The Managing Director will continue to have access to Private Medical Insurance and, if implemented by the
Company, Life Assurance.
The Company’s employer pension contribution will be at 10% of pensionable salary.
ANNUAL BONUS – SUMMARY OF KPIS FOR 2020
The Remuneration Committee, in conjunction with the Board, establishes goals in respect of each year. Individual
goals are weighted according to their importance in determining the overall performance achieved in the year.

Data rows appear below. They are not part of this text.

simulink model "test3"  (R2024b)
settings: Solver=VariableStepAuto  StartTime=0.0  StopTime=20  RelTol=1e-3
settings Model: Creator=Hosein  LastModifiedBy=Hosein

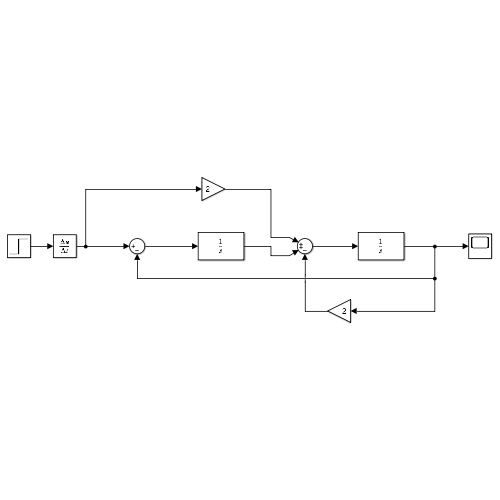
[thumbnail: Simulink's stored preview of the top-level diagram]
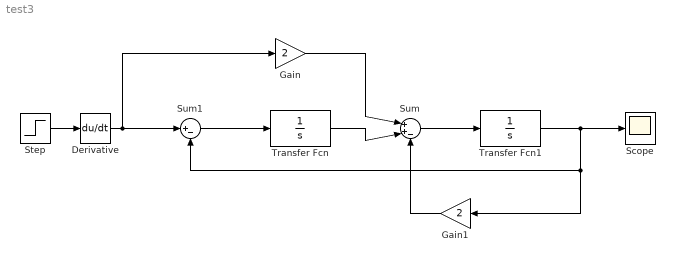
== system test3 ==
  Derivative : Derivative
  Gain : Gain  Gain=2
  Gain1 : Gain  Gain=2
  Scope : Scope
  Step : Step  SampleTime=0
  Sum : Sum  Inputs=|++-
  Sum1 : Sum  Inputs=|+-
  Transfer Fcn : TransferFcn  Denominator=[1 0]
  Transfer Fcn1 : TransferFcn  Denominator=[1 0]
  wires:
  Step/1 -> Derivative/1
  Sum1/1 -> Transfer Fcn/1
  Transfer Fcn1/1 -> Gain1/1, Sum1/2, Scope/1
  Gain1/1 -> Sum/3
  Transfer Fcn/1 -> Sum/2
  Gain/1 -> Sum/1
  Sum/1 -> Transfer Fcn1/1
  Derivative/1 -> Gain/1, Sum1/1

The performance criteria for 2020 included implementing the necessary structure and processes to complete the
Company’s transition to internal management, development of a deal pipeline, building the Company’s co-
investment capability, monitoring and managing the existing assets through the Coronavirus crisis and planning to
expand the Company’s capital base.
The Remuneration Committee has reviewed performance for the year, in conjunction with the Board, and without
the Managing Director present. The Committee has approved a bonus equal to 55% of base salary for the Managing
Director in respect of 2020.
The Committee in conjunction with the Board has also considered performance goals for 2021. The weighting given
to individual goals is changed compared to 2020, with much greater weighting on deal flow, capital deployment
and developing the Company’s co-investment strategy.
For 2021, goals relating to deployment of capital in new deals, raising co-investment capital and developing
opportunities to expand the capital base of the Company account for 55% of the weighting. Goals relating to
optimising the existing portfolio and developing shareholder and market communications account for a further
30%. Other goals relate to internal management objectives.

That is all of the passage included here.